**Goal of the exercise:**
Pictures stay out; everything else in the records below is to be repeated exactly.

########

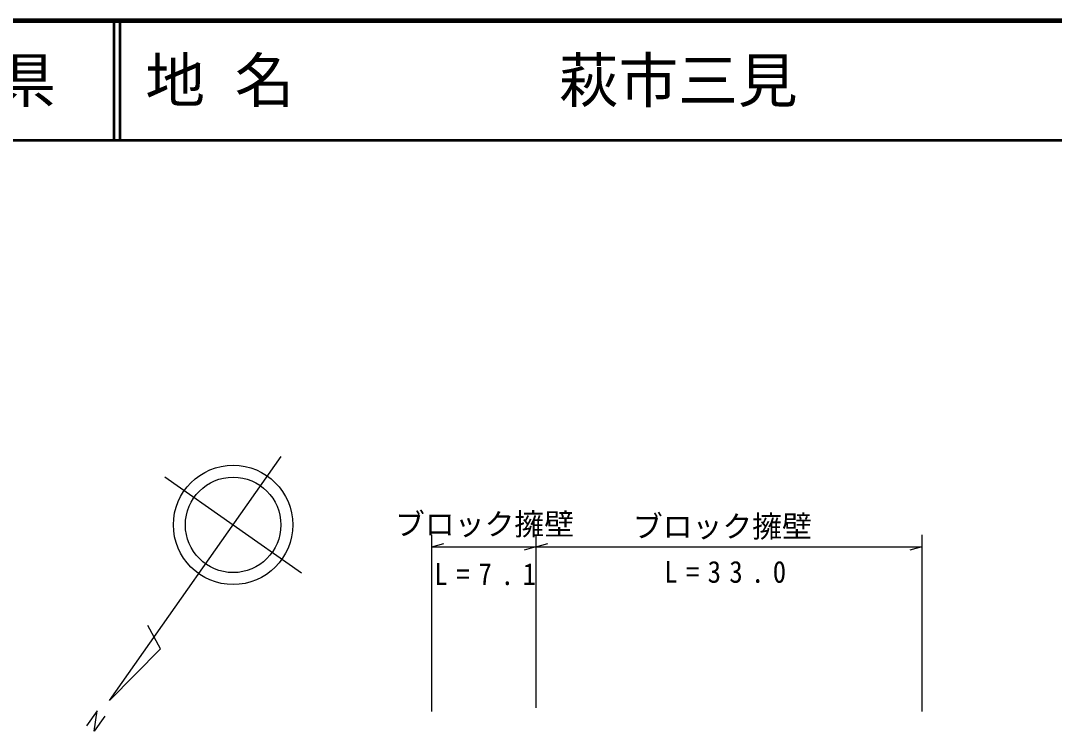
# Model space of a CAD drawing. Units: millimetres, scale not verified. Extents: x 40000 to 680000, y 20000 to 380000.
# Drawn here: x 359936 to 446535, y 320453 to 380000 of the extents above; entities that cross this region are included whole.
import ezdxf
from ezdxf.enums import TextEntityAlignment as Align

# ---------------------------------------------------------------- set-up
doc = ezdxf.new("R2010")
doc.units = ezdxf.units.MM
doc.header["$LTSCALE"] = 1000
for name, color, linetype, lineweight in [('M-BGD', 7, 'Continuous', 25), ('M-TTL', 2, 'Continuous', 140), ('M-TTL-LINE', 7, 'Continuous', 50)]:
    doc.layers.add(name, color=color, linetype=linetype, lineweight=lineweight)
doc.layers.add('M-TTL-TXT', color=7, linetype='Continuous')
doc.styles.add('ＭＳ ゴシック', font='')
doc.styles.get('ＭＳ ゴシック').set_extended_font_data('MS Gothic')

msp = doc.modelspace()

# ---------------------------------------------------------------- linework, layer by layer
at = {"layer": 'M-BGD'}
for p, q in [((367377, 323030), (381763, 343476)), ((372010, 341779), (383459, 333723)), ((394397, 322117), (394397, 336911)), ((403106, 336911), (403106, 322412)), ((435433, 336911), (435433, 322117)), ((394397, 335911), (395397, 336191)), ((403106, 335911), (404106, 336191)), ((394397, 335911), (403106, 335911)), ((403106, 335911), (402106, 335631)), ((403106, 335911), (435433, 335911)), ((435433, 335911), (434433, 335631)), ((371647, 327362), (370587, 329330)), ((367377, 323030), (371647, 327362))]:
    msp.add_line(p, q, dxfattribs=at)
msp.add_lwpolyline([(366984, 321715), (366096, 320453), (366332, 322179), (365447, 320907)], dxfattribs=at)
for radius in [5000, 4000]:
    msp.add_circle((377735, 337751), radius, dxfattribs=at)
at = {"layer": 'M-TTL'}
msp.add_line((680000, 380000), (40000, 380000), dxfattribs=at)
at = {"layer": 'M-TTL-LINE'}
for p, q in [((367750, 380000), (367750, 370000)), ((368250, 380000), (368250, 370000)), ((40000, 370000), (680000, 370000))]:
    msp.add_line(p, q, dxfattribs=at)

# ---------------------------------------------------------------- texts
at = {"layer": 'M-BGD', "style": 'ＭＳ ゴシック'}
for p in [(391300, 336348), (411222, 336160)]:
    msp.add_text('ブロック擁壁', height=1833, dxfattribs=at).set_placement(p, align=Align.BOTTOM_LEFT)
at = {"layer": 'M-BGD', "char_height": 1833, "attachment_point": 7, "style": 'ＭＳ ゴシック'}
for s, insert in [('\\T1.65;\\W0.9;L=7.1', (394589, 332683)), ('\\T1.62;\\W0.9;L=33.0', (413853, 332871))]:
    msp.add_mtext(s, dxfattribs=dict(at, insert=insert))
at = {"layer": 'M-TTL-TXT', "style": 'ＭＳ ゴシック'}
msp.add_text('山\u3000口\u3000県', height=3666, dxfattribs=at).set_placement((350375, 375000), align=Align.MIDDLE_CENTER)
for s, p in [('地 名', (370380, 375000)), ('萩市三見', (405024, 375000))]:
    msp.add_text(s, height=3666, dxfattribs=at).set_placement(p, align=Align.MIDDLE_LEFT)

doc.saveas('drawing.dxf')

########

**Exercise answer:**
# Model space of a CAD drawing. Units: millimetres, scale not verified. Extents: x 40000 to 680000, y 20000 to 380000.
# Drawn here: x 359936 to 446535, y 320453 to 380000 of the extents above; entities that cross this region are included whole.
import ezdxf
from ezdxf.enums import TextEntityAlignment as Align

# ---------------------------------------------------------------- set-up
doc = ezdxf.new("R2010")
doc.units = ezdxf.units.MM
doc.header["$LTSCALE"] = 1000
for name, color, linetype, lineweight in [('M-BGD', 7, 'Continuous', 25), ('M-TTL', 2, 'Continuous', 140), ('M-TTL-LINE', 7, 'Continuous', 50)]:
    doc.layers.add(name, color=color, linetype=linetype, lineweight=lineweight)
doc.layers.add('M-TTL-TXT', color=7, linetype='Continuous')
doc.styles.add('ＭＳ ゴシック', font='')
doc.styles.get('ＭＳ ゴシック').set_extended_font_data('MS Gothic')

msp = doc.modelspace()

# ---------------------------------------------------------------- linework, layer by layer
at = {"layer": 'M-BGD'}
for p, q in [((367377, 323030), (381763, 343476)), ((372010, 341779), (383459, 333723)), ((394397, 322117), (394397, 336911)), ((403106, 336911), (403106, 322412)), ((435433, 336911), (435433, 322117)), ((394397, 335911), (395397, 336191)), ((403106, 335911), (404106, 336191)), ((394397, 335911), (403106, 335911)), ((403106, 335911), (402106, 335631)), ((403106, 335911), (435433, 335911)), ((435433, 335911), (434433, 335631)), ((371647, 327362), (370587, 329330)), ((367377, 323030), (371647, 327362))]:
    msp.add_line(p, q, dxfattribs=at)
msp.add_lwpolyline([(366984, 321715), (366096, 320453), (366332, 322179), (365447, 320907)], dxfattribs=at)
for radius in [5000, 4000]:
    msp.add_circle((377735, 337751), radius, dxfattribs=at)
at = {"layer": 'M-TTL'}
msp.add_line((680000, 380000), (40000, 380000), dxfattribs=at)
at = {"layer": 'M-TTL-LINE'}
for p, q in [((367750, 380000), (367750, 370000)), ((368250, 380000), (368250, 370000)), ((40000, 370000), (680000, 370000))]:
    msp.add_line(p, q, dxfattribs=at)

# ---------------------------------------------------------------- texts
at = {"layer": 'M-BGD', "style": 'ＭＳ ゴシック'}
for p in [(391300, 336348), (411222, 336160)]:
    msp.add_text('ブロック擁壁', height=1833, dxfattribs=at).set_placement(p, align=Align.BOTTOM_LEFT)
at = {"layer": 'M-BGD', "char_height": 1833, "attachment_point": 7, "style": 'ＭＳ ゴシック'}
for s, insert in [('\\T1.65;\\W0.9;L=7.1', (394589, 332683)), ('\\T1.62;\\W0.9;L=33.0', (413853, 332871))]:
    msp.add_mtext(s, dxfattribs=dict(at, insert=insert))
at = {"layer": 'M-TTL-TXT', "style": 'ＭＳ ゴシック'}
msp.add_text('山\u3000口\u3000県', height=3666, dxfattribs=at).set_placement((350375, 375000), align=Align.MIDDLE_CENTER)
for s, p in [('地 名', (370380, 375000)), ('萩市三見', (405024, 375000))]:
    msp.add_text(s, height=3666, dxfattribs=at).set_placement(p, align=Align.MIDDLE_LEFT)

doc.saveas('drawing.dxf')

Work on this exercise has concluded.